I’ve been working on and off with Blinkinlabs’ BlinkyTape and pixels, which means also with their nice little app PatternPaint, which lets you create little light shows to download to their LED strands without all the annoying number-fiddling that is LED images on Arduino.
But when you have an LED strip with controller built in you have a few obvious potential problems. First, each of those LEDs can draw up to 50 milliamps when cranked up full, so about 3 amps for a 60-chip tape. Put the wrong pattern on there, and good luck talking to the controller chip over a standard USB port while it’s trying to draw all that current. Second, you need a really reliable USB protocol that can handle transmitting and receiving data while the microcontroller is running flat out handling the pretty blinky part. Third, some computers’ USB drivers and hardware are rock solid, others (many macs, for instance) are garbage.

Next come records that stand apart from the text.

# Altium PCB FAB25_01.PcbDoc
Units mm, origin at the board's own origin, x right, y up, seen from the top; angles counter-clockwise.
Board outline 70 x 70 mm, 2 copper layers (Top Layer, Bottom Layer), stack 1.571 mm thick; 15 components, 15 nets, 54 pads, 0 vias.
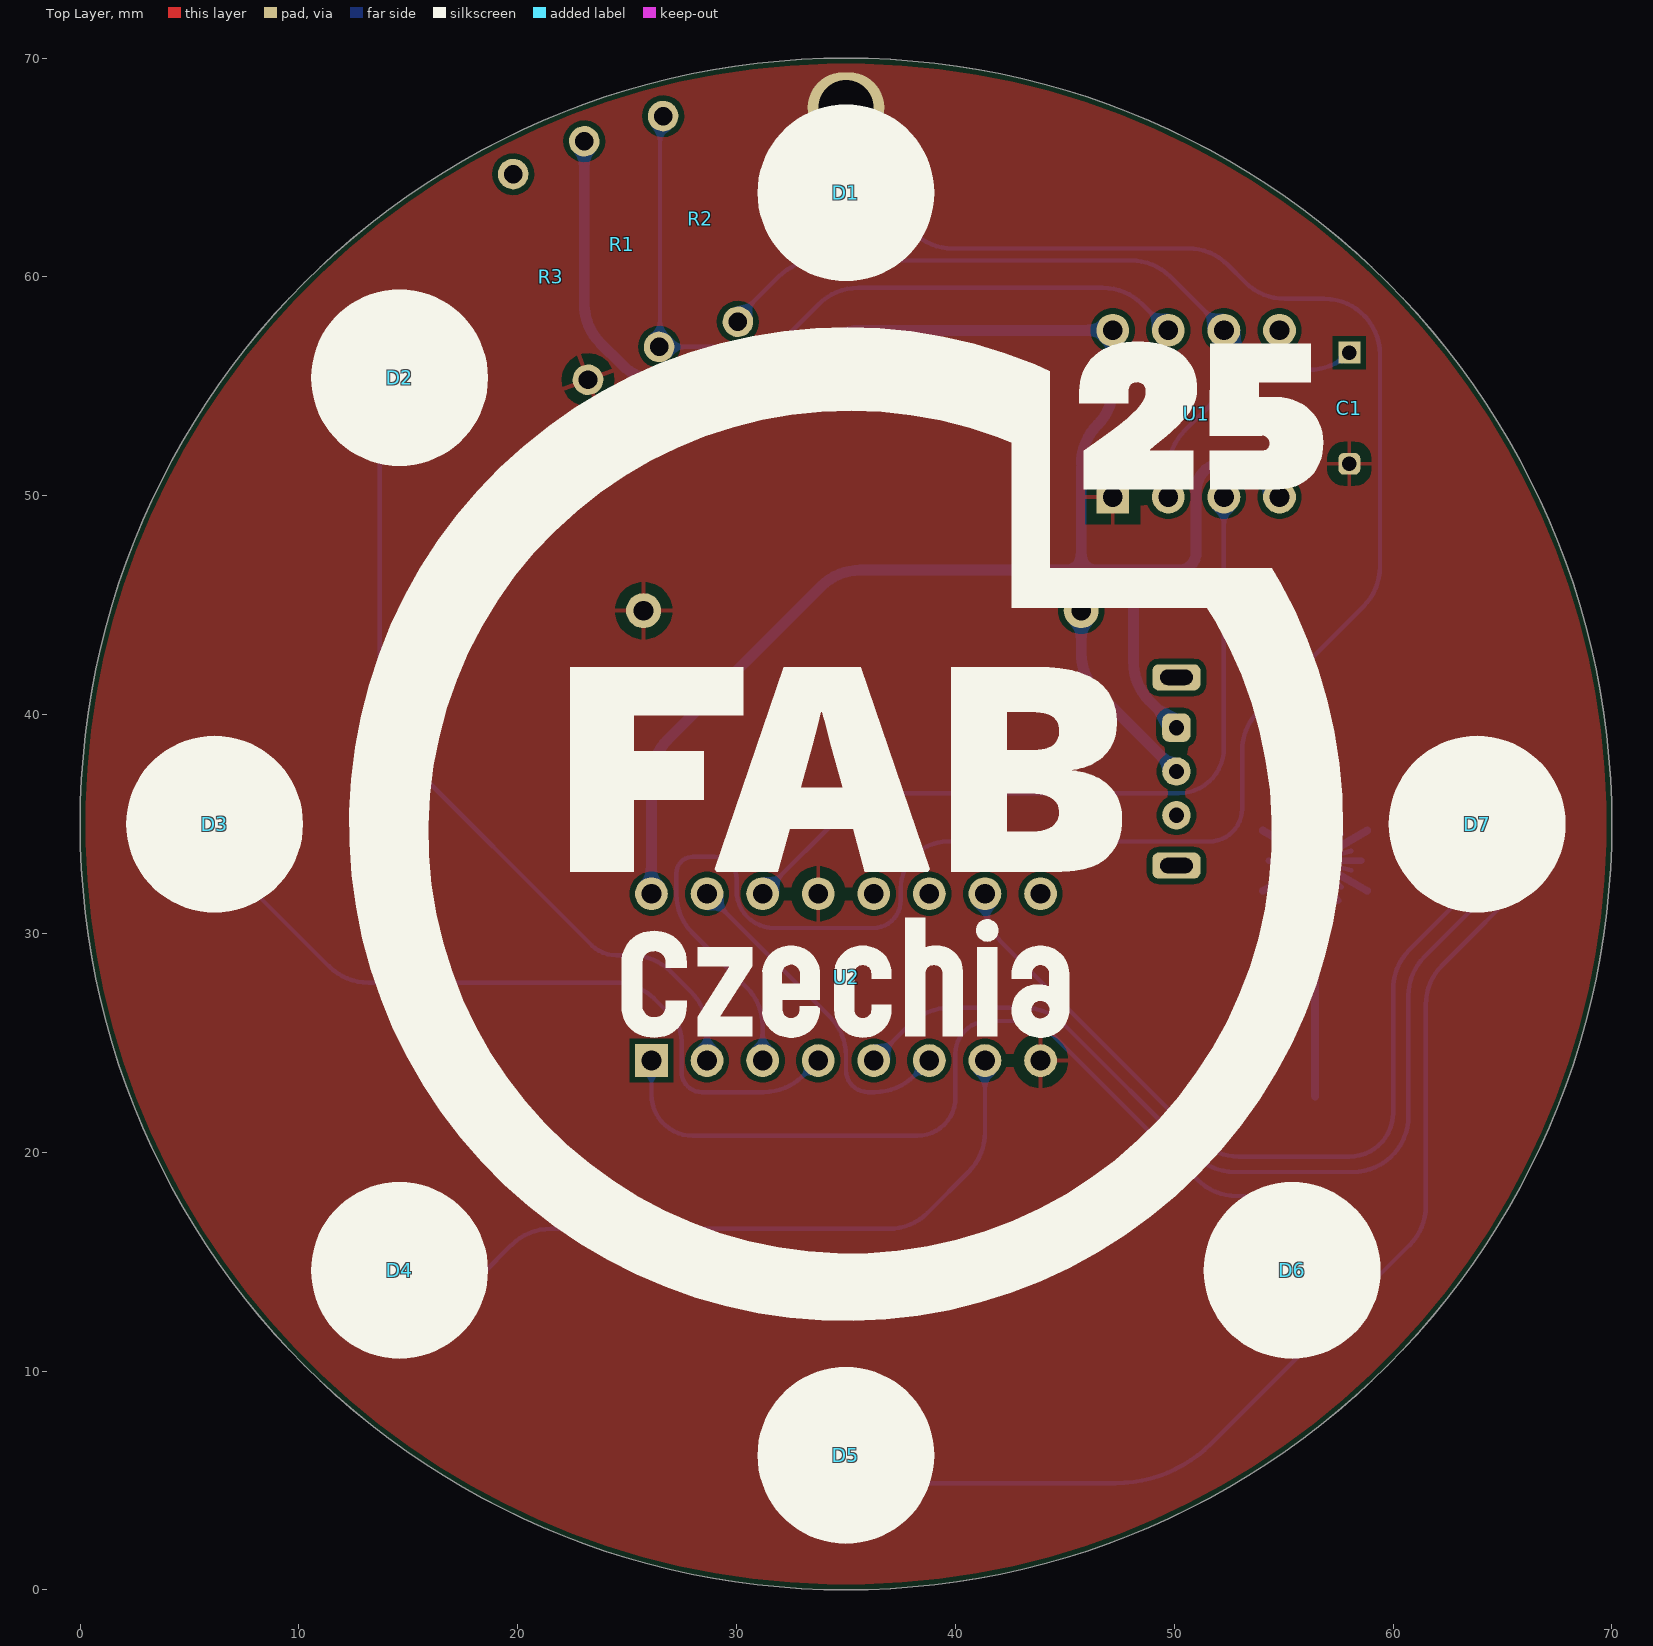
[diagram p0: Top Layer view]
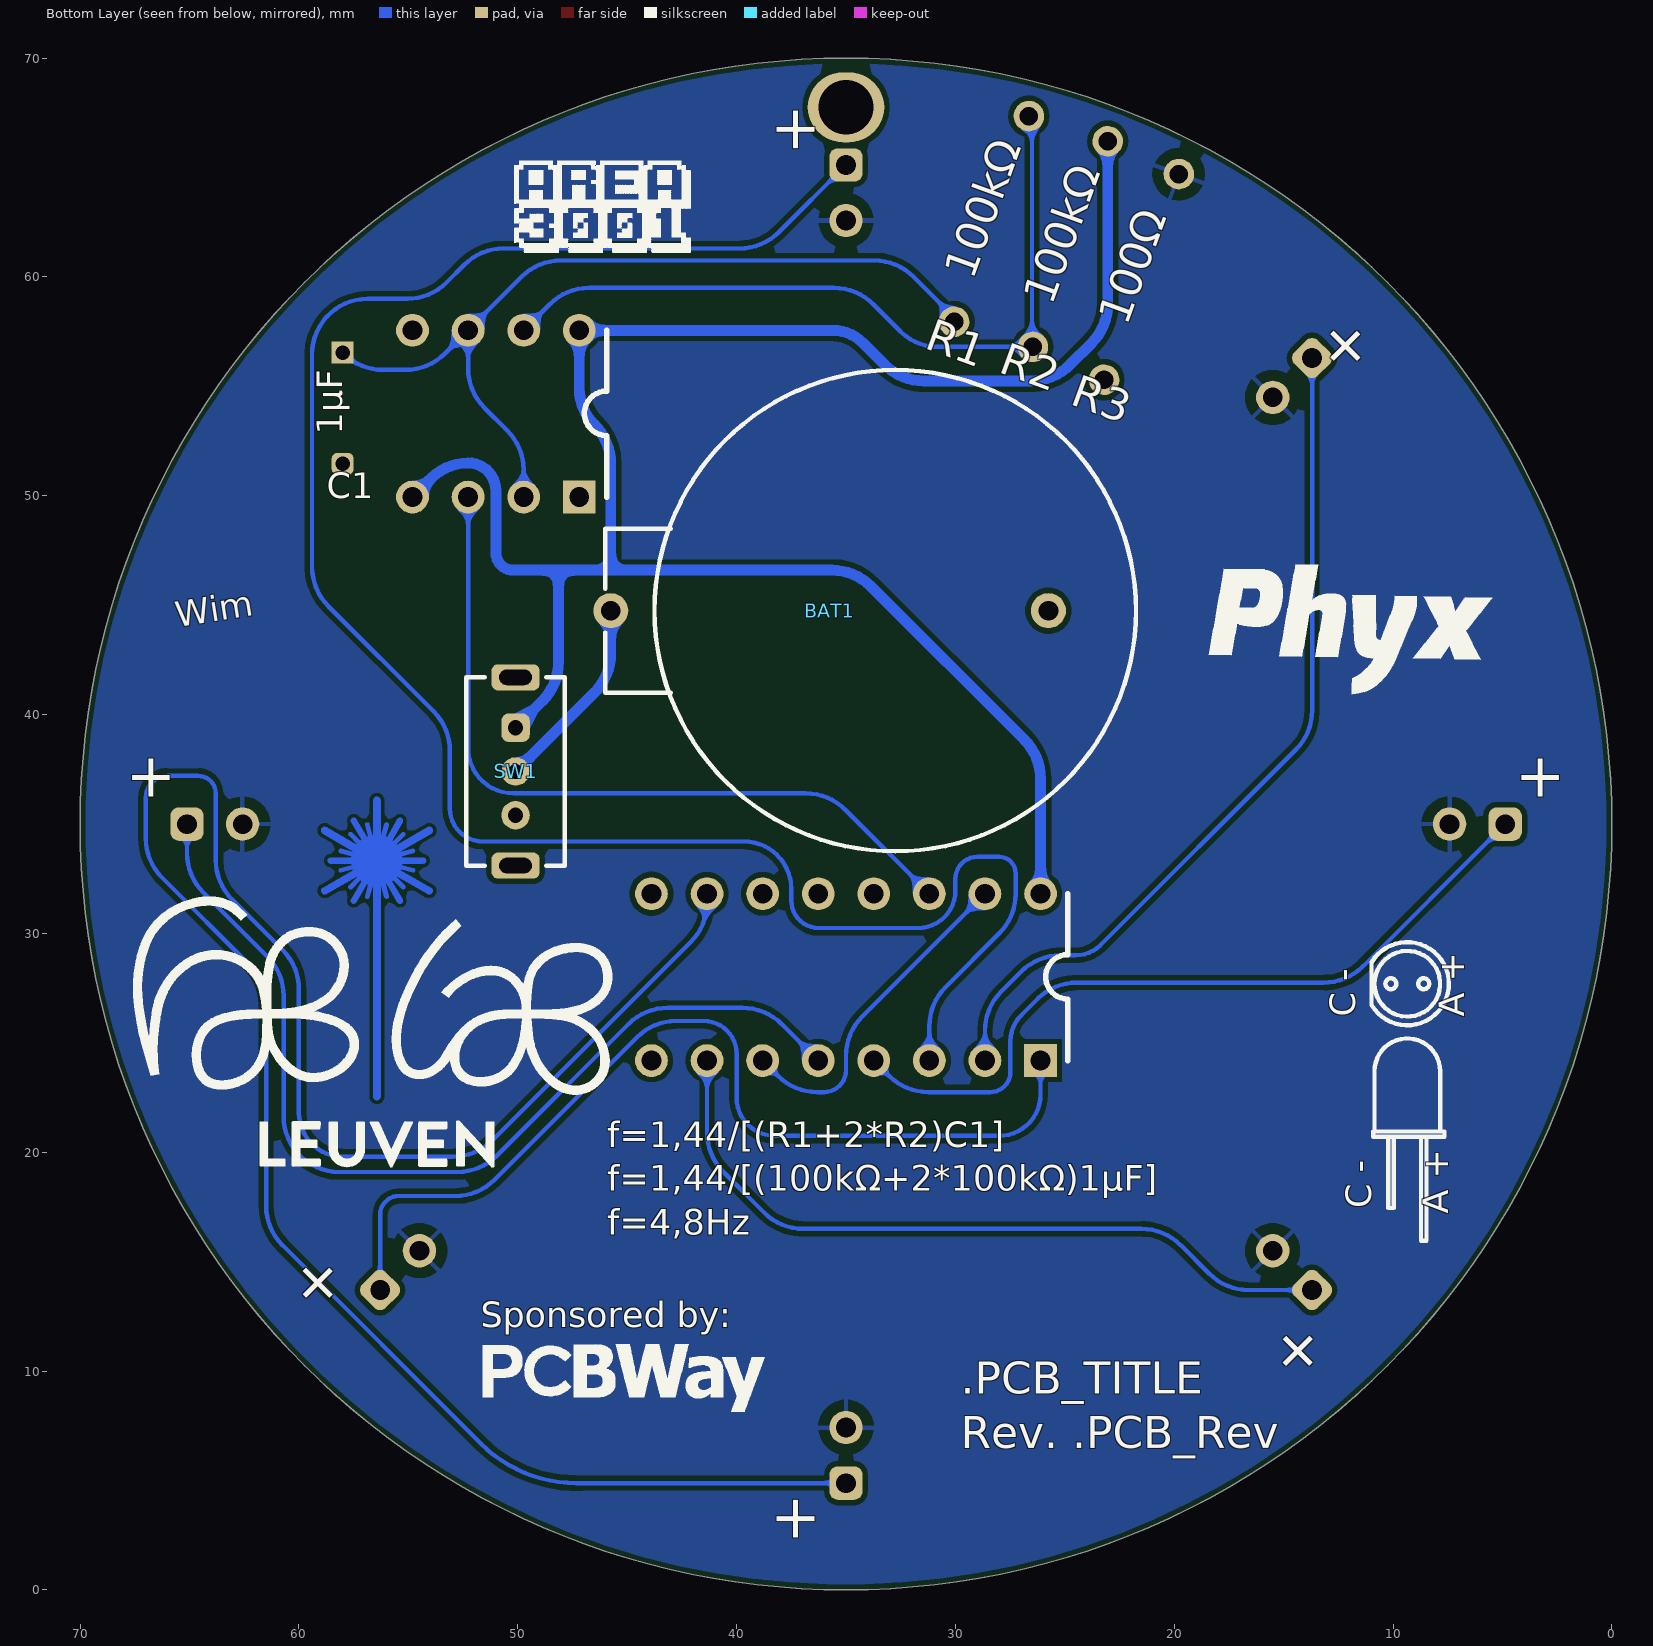
[diagram p1: Bottom Layer view, seen from below]
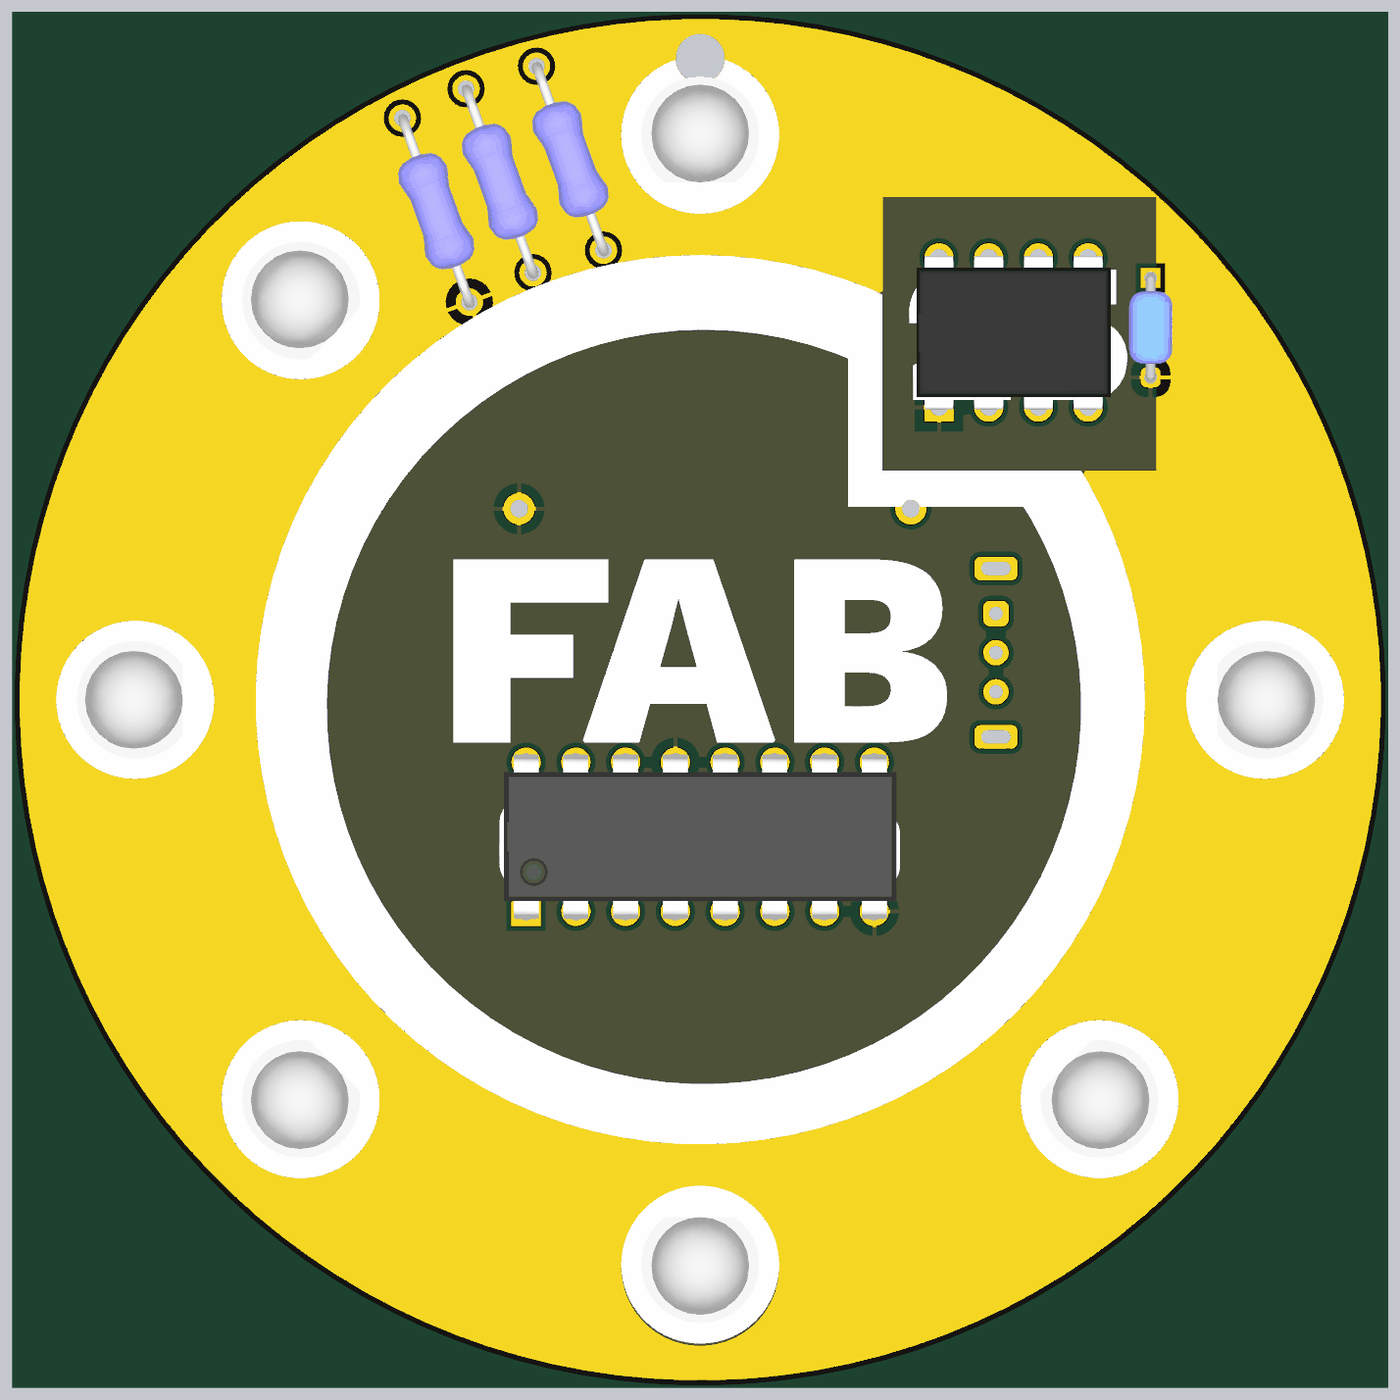
[diagram p2: 3D render of the assembled board from above, using the file's embedded part models]

## Layer stack, top to bottom
Top Solder: solder mask 0.0102, Solder Resist, Dk 3.5
Top Layer: signal copper 0.0356
Dielectric1: core 1.5, FR-4, Dk 4.8
Bottom Layer: signal copper 0.0356
Bottom Solder: solder mask 0.0102, Solder Resist, Dk 3.5

## Board outline
0,35 ccw(c35,35) 35,0 ccw(c35,35) 70,35 ccw(c35,35) 35,70 ccw(c35,35)

## Design rules (kind name [scope] priority, off if disabled: settings)
BoardOutlineClearance [NOT OnLayer('Top Overlay') AND NOT OnLayer('Bottom Overlay') AND NOT IsText AND NOT HasFootprint('MicroBIT_V2_PCB') AND NOT IsKeepOut AND NOT OnLayer('Top Solder')] p1: gap=0.5 ignorepadtopadclearanceinfootprint=FALSE except(0: Arc-SplitContinuation Track-SplitContinuation SMDPad-SplitContinuation THPad-SplitContinuation Via-SplitContinuation Fill-SplitContinuation Poly-SplitContinuation Region-SplitContinuation Text-SplitContinuation; 0.15: SMDPad-OutlineEdge THPad-OutlineEdge; 0.25: Poly-OutlineEdge Region-OutlineEdge; 0.3: Arc-OutlineEdge Track-OutlineEdge; 0.4: Via-OutlineEdge)
Clearance [All] p1: gap=0.15 ignorepadtopadclearanceinfootprint=FALSE except(0: Arc-Hole Track-Hole SMDPad-Hole THPad-Hole Via-Hole Fill-Hole Region-Hole Text-Hole; 0.25: Arc-Poly Track-Poly SMDPad-Poly THPad-Poly Via-Poly Fill-Poly Poly-Hole; 1.1: Poly-Poly)
ComponentClearance ComponentClearance_TP [HasFootprint('TP_2x3mm')] p1: gap=0 collisioncheckmode=3 verticalgap=0 showdistances=FALSE
ComponentClearance ComponentClearance_CO2 [InComponent('P5') OR InComponent('P8') OR InComponent('MOD2') vs InComponent('P5') OR InComponent('P8') OR InComponent('MOD2')] p2: gap=0 collisioncheckmode=3 verticalgap=0 showdistances=FALSE
ComponentClearance ComponentClearance_BAT [InComponent('P4')  OR InComponent('BAT1') OR InComponent('R27') vs InComponent('P4')  OR InComponent('BAT1') OR InComponent('R27')] p3: gap=0 collisioncheckmode=3 verticalgap=0 showdistances=FALSE
ComponentClearance ComponentClearance_R31-T5 [InComponent('R31') OR InComponent('T5') vs InComponent('R31') OR InComponent('T5')] p4: gap=0 collisioncheckmode=3 verticalgap=0 showdistances=FALSE
ComponentClearance "ComponentClearance_Selection resistors" [InComponent('R45') OR InComponent('R44') OR InComponent('R33') OR InComponent('R34') vs InComponent('R45') OR InComponent('R44') OR InComponent('R33') OR InComponent('R34')] p5: gap=0 collisioncheckmode=3 verticalgap=0 showdistances=FALSE
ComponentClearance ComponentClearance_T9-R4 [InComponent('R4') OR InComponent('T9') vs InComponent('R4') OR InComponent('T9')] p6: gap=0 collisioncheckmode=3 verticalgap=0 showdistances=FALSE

So start by splicing extra power connectors onto the back of the blinky tape (extra points for avoiding ground loops) . Then find out that the usb connection still works only a few percent of the time, for various reasons including serial-driver bugs in the version of the Qt framework it’s built with. Here’s where it gets interesting, in the sense of the curse:
The latest version of PatternPaint is supposed to have improvements to the USB stack, including a fixed serial driver and a protocol that is more willing to retry when things go wrong. But the appImage of that latest release segfaults when run on all of the machines I have access to.
Yes, you read that right. The format that’s supposed to have all the bits and pieces its app depends on nicely built in to a custom file system leads to an executable that segfaults. (But not on all machines, because it wouldn’t have passed its release testing.) So it turns out that appimages do rely on a bunch of libraries in the underlying operating system, and in the couple of years since PatternPaint was actively under development some of those libraries have gone away or moved or been altered in some incompatible way.
So it’s time to start building from source. Download a current version of Qt and fire up the compilation script. No luck. Apparently the dependencies on a previous version were real. (or not, as we will later see) The version specified by the Blinkinlabs instructions isn’t even on the list of recently-obsolete versions you can download, but it is in the Qt archives.
Still no luck. But a few searches on the error messages tell me that some libraries that used to be present by default in Debian/Ubuntu are no longer present in recent versions, hence also not in the debian-derived BunsenLabs OS that I’m using here (because it’s what we’ve got at the school where I hope to deploy this insanity at some point.) Download the right version of mesa-dev and jasper, and try again. Still a failure. Turns out I’m supposed to have installed linuxdeployqt in the same directory as I’m compiling from.
So now everything chugs through endless pages of messages, and success is announced! I even get the request to post my appimage so that everyone else can use it. But no. right after that there’s an error message that tar cannot stat something for some reason and the whole process has failed. And the only way to figure it out is to start digging into the guts of the linuxdeployqt appimage or its source.
I’m about to declare defeat — or at least post an issue — when I decide to look into the build directory and see if I can at least figure out what tar was trying to package up. There’s a PattenrPaint.blah.blah.tar that’s empty — sad! — and there’s a file called PatternPaint.2.4.1.blahblah.appimage.
What the heck. Yes, I click on it and it’s a perfectly good appimage. Doesn’t segfault, brings up the splash screen. Talks to blinkytape on machines where the previous version wouldn’t. I have what I need, I just have this really uncomfortable feeling that that final error message is really supposed to mean something and I should find out what.